Instructions to follow >> Although the records include pictures, the copy should not; write out exactly the lines from the first through the line with "doc.styles.get('ＭＳ ゴシック').set_extended_font_data('MS Gothic')".

Stored data >>
****************
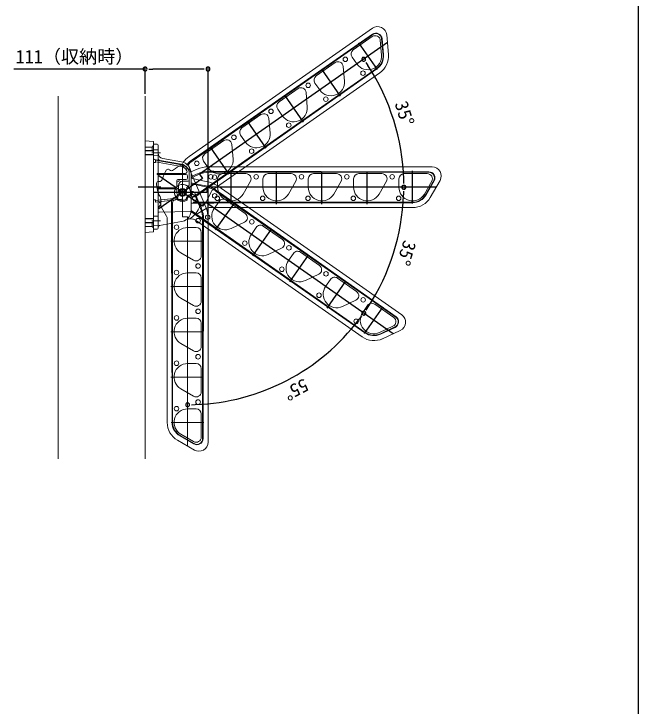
# Model space of a CAD drawing. Units: millimetres, scale not verified. Extents: x -693 to 693, y -1120 to 1122.
# Drawn here: x 417.6 to 693, y -559.4 to -254.1 of the extents above; entities that cross this region are included whole.
import ezdxf
from ezdxf.enums import TextEntityAlignment as Align

# ---------------------------------------------------------------- set-up
doc = ezdxf.new("R2010")
doc.units = ezdxf.units.MM
doc.header["$LTSCALE"] = 4
for name, color, linetype in [('0-3_YKK_12', 2, 'Continuous'), ('0-5_YKK_D', 6, 'Continuous'), ('0-6_YKK_ZWAK', 7, 'Continuous')]:
    doc.layers.add(name, color=color, linetype=linetype)
doc.layers.add('0-4_YKK_13', color=4, linetype='Continuous', lineweight=18)
doc.styles.add('ＭＳ ゴシック', font='')
doc.styles.get('ＭＳ ゴシック').set_extended_font_data('MS Gothic')

msp = doc.modelspace()

# ---------------------------------------------------------------- linework, layer by layer
at = {"layer": '0-3_YKK_12'}
for p, q in [((582.359, -266.799), (499.478, -324.834)), ((577.991, -278.678), (569.731, -266.882)), ((561.727, -290.341), (553.467, -278.545)), ((545.344, -301.812), (537.084, -290.017)), ((528.961, -313.284), (520.701, -301.488)), ((512.578, -324.755), (504.318, -312.96)), ((513.483, -338.028), (513.483, -323.628)), ((533.483, -338.028), (533.483, -323.628)), ((553.483, -338.028), (553.483, -323.628)), ((573.483, -338.028), (573.483, -323.628)), ((593.496, -337.803), (593.496, -323.403)), ((500.768, -338.979), (481.539, -325.515)), ((500.768, -326.677), (481.539, -340.141)), ((499.478, -324.834), (500.768, -326.677)), ((472.358, -330.328), (482.358, -330.328)), ((603.887, -330.578), (502.708, -330.578)), ((502.708, -330.578), (502.708, -332.828)), ((502.708, -332.828), (479.233, -332.828)), ((502.059, -337.136), (500.768, -338.979)), ((584.94, -395.17), (502.059, -337.136)), ((506.613, -349.419), (514.872, -337.623)), ((522.996, -360.891), (531.255, -349.095)), ((539.379, -372.362), (547.638, -360.566)), ((555.762, -383.834), (564.021, -372.038)), ((572.284, -395.128), (580.543, -383.332)), ((588.068, -393.681), (588.08, -393.706)), ((571.283, -396.556), (571.265, -396.582)), ((580.231, -397.366), (580.219, -397.34))]:
    msp.add_line(p, q, dxfattribs=at)
at = {"layer": '0-4_YKK_13'}
for p, q in [((494.884, -317.063), (575.778, -260.42)), ((575.899, -263.235), (496.684, -318.702)), ((575.789, -263.078), (498.011, -317.245)), ((567.324, -270.003), (575.716, -264.126)), ((575.789, -263.078), (575.899, -263.235)), ((579.823, -265.065), (580.008, -265.049)), ((580.44, -272.111), (579.823, -265.065)), ((580.633, -272.094), (580.008, -265.049)), ((582.029, -263.351), (582.057, -263.348)), ((582.057, -263.348), (582.812, -271.976)), ((579.248, -265.773), (579.814, -272.244)), ((568.922, -276.208), (566.771, -273.136)), ((580.633, -272.094), (580.44, -272.111)), ((550.94, -281.474), (559.333, -275.598)), ((562.865, -277.245), (563.431, -283.715)), ((498.312, -333.737), (577.587, -278.228)), ((579.008, -280.132), (505.465, -331.628)), ((506.106, -328.807), (577.707, -278.4)), ((577.587, -278.228), (577.707, -278.4)), ((578.991, -280.107), (579.008, -280.132)), ((552.539, -287.68), (550.388, -284.608)), ((534.557, -292.946), (542.95, -287.069)), ((546.482, -288.716), (547.048, -295.187)), ((437.183, -290.328), (437.183, -450.328)), ((475.483, -290.328), (475.483, -450.328)), ((536.156, -299.151), (534.005, -296.079)), ((518.174, -304.417), (526.567, -298.541)), ((530.099, -300.188), (530.665, -306.658)), ((519.773, -310.623), (517.622, -307.551)), ((475.483, -310.078), (475.483, -350.578)), ((475.483, -310.078), (479.005, -310.386)), ((479.233, -350.021), (479.233, -310.635)), ((501.791, -315.889), (510.184, -310.012)), ((478.608, -312.828), (475.483, -312.828)), ((475.483, -314.328), (479.233, -314.328)), ((478.608, -314.328), (475.483, -314.328)), ((475.483, -314.49), (479.233, -314.49)), ((479.233, -312.203), (478.608, -312.828)), ((478.608, -312.828), (478.608, -314.328)), ((479.233, -314.953), (478.608, -314.328)), ((479.233, -311.578), (479.233, -312.827)), ((480.872, -311.635), (479.233, -311.578)), ((479.233, -347.828), (479.233, -312.827)), ((479.233, -314.008), (481.233, -314.078)), ((481.233, -312.884), (481.233, -312.01)), ((481.233, -315.968), (481.233, -312.884)), ((513.716, -311.659), (514.282, -318.13)), ((475.483, -316.166), (479.233, -316.166)), ((479.233, -316.328), (475.483, -316.328)), ((482.263, -315.328), (478.453, -315.328)), ((481.233, -316.578), (479.235, -316.648)), ((481.233, -315.968), (481.233, -316.876)), ((481.233, -347.38), (481.233, -316.876)), ((498.011, -317.245), (496.364, -318.399)), ((479.233, -335.931), (479.233, -319.85)), ((479.44, -318.277), (481.233, -318.593)), ((479.475, -319.6), (479.867, -319.586)), ((480.108, -319.115), (480.108, -318.607)), ((480.108, -318.607), (491.575, -320.629)), ((480.108, -319.115), (480.108, -319.369)), ((491.341, -321.349), (480.108, -319.369)), ((481.218, -318.803), (481.708, -318.803)), ((481.233, -318.593), (491.471, -320.398)), ((481.283, -318.328), (481.408, -318.328)), ((481.377, -318.403), (481.283, -318.403)), ((481.408, -318.328), (481.377, -318.403)), ((481.708, -318.734), (481.377, -318.403)), ((481.708, -318.878), (481.644, -318.878)), ((481.783, -318.734), (481.708, -318.734)), ((481.708, -318.803), (481.708, -318.734)), ((481.783, -318.803), (481.708, -318.803)), ((481.708, -318.878), (481.708, -318.803)), ((481.783, -318.734), (481.783, -318.803)), ((491.602, -319.406), (483.299, -317.942)), ((491.983, -343.552), (491.983, -320.078)), ((503.39, -322.094), (501.239, -319.022)), ((491.742, -320.862), (491.742, -320.822)), ((492.457, -321.348), (492.523, -321.56)), ((495.116, -322.579), (495.723, -324.01)), ((495.702, -323.767), (498.517, -322.571)), ((503.402, -321.578), (602.155, -321.578)), ((505.858, -323.521), (503.848, -323.521)), ((600.64, -323.761), (505.858, -323.521)), ((602.155, -321.578), (602.155, -321.607)), ((480.733, -324.453), (480.733, -324.89)), ((480.733, -324.453), (493.257, -324.453)), ((493.483, -324.89), (480.733, -324.89)), ((494.233, -326.453), (494.233, -325.64)), ((494.983, -324.584), (494.983, -329.078)), ((494.983, -324.691), (494.983, -327.453)), ((501.044, -336.546), (495.723, -324.01)), ((495.733, -340.825), (495.733, -324.33)), ((498.964, -324.514), (495.733, -325.885)), ((499.052, -324.946), (495.733, -326.355)), ((495.733, -326.583), (500.226, -327.538)), ((600.64, -323.953), (503.936, -323.953)), ((509.733, -324.578), (519.979, -324.578)), ((529.733, -324.578), (539.979, -324.578)), ((549.733, -324.578), (559.979, -324.578)), ((569.733, -324.578), (579.979, -324.578)), ((589.733, -324.578), (599.979, -324.578)), ((600.64, -323.761), (600.64, -323.953)), ((479.233, -327.828), (479.233, -327.847)), ((481.388, -328.011), (481.625, -328.032)), ((489.483, -330.14), (489.483, -327.703)), ((489.983, -327.203), (493.483, -327.203)), ((490.233, -329.703), (490.233, -332.828)), ((494.483, -327.953), (491.983, -327.953)), ((499.037, -329.292), (495.733, -328.589)), ((498.768, -329.677), (496.386, -329.17)), ((497.862, -334.58), (506.106, -328.807)), ((502.294, -330.426), (498.768, -329.677)), ((502.47, -330.021), (499.037, -329.292)), ((500.226, -327.538), (503.219, -328.174)), ((507.483, -330.578), (507.483, -326.828)), ((521.927, -327.953), (518.68, -333.578)), ((527.483, -330.578), (527.483, -326.828)), ((541.927, -327.953), (538.68, -333.578)), ((547.483, -330.578), (547.483, -326.828)), ((561.927, -327.953), (558.68, -333.578)), ((567.483, -330.578), (567.483, -326.828)), ((581.927, -327.953), (578.68, -333.578)), ((587.483, -330.578), (587.483, -326.828)), ((601.927, -327.953), (598.68, -333.578)), ((599.268, -333.828), (602.805, -327.703)), ((599.437, -333.925), (602.965, -327.795)), ((605.619, -327.578), (601.289, -335.078)), ((602.805, -327.703), (602.965, -327.795)), ((480.733, -330.89), (480.733, -331.328)), ((480.733, -330.89), (488.733, -330.89)), ((488.733, -331.328), (480.733, -331.328)), ((489.483, -332.828), (489.483, -332.078)), ((493.928, -330.684), (493.727, -332.98)), ((502.79, -336.571), (504.633, -332.62)), ((586.08, -387.88), (506.865, -332.414)), ((508.688, -333.162), (507.04, -332.009)), ((507.789, -330.161), (588.684, -386.804)), ((480.108, -336.465), (489.342, -335.331)), ((491.544, -335.816), (480.108, -337.22)), ((491.544, -335.816), (482.755, -336.895)), ((491.983, -334.812), (491.983, -335.32)), ((491.983, -335.021), (491.983, -335.32)), ((498.926, -336.578), (497.413, -333.013)), ((498.456, -336.578), (497.505, -334.337)), ((586.19, -387.724), (508.688, -333.162)), ((599.437, -333.925), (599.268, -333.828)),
****************
Response box >>
# Model space of a CAD drawing. Units: millimetres, scale not verified. Extents: x -693 to 693, y -1120 to 1122.
# Drawn here: x 417.6 to 693, y -559.4 to -254.1 of the extents above; entities that cross this region are included whole.
import ezdxf
from ezdxf.enums import TextEntityAlignment as Align

# ---------------------------------------------------------------- set-up
doc = ezdxf.new("R2010")
doc.units = ezdxf.units.MM
doc.header["$LTSCALE"] = 4
for name, color, linetype in [('0-3_YKK_12', 2, 'Continuous'), ('0-5_YKK_D', 6, 'Continuous'), ('0-6_YKK_ZWAK', 7, 'Continuous')]:
    doc.layers.add(name, color=color, linetype=linetype)
doc.layers.add('0-4_YKK_13', color=4, linetype='Continuous', lineweight=18)
doc.styles.add('ＭＳ ゴシック', font='')
doc.styles.get('ＭＳ ゴシック').set_extended_font_data('MS Gothic')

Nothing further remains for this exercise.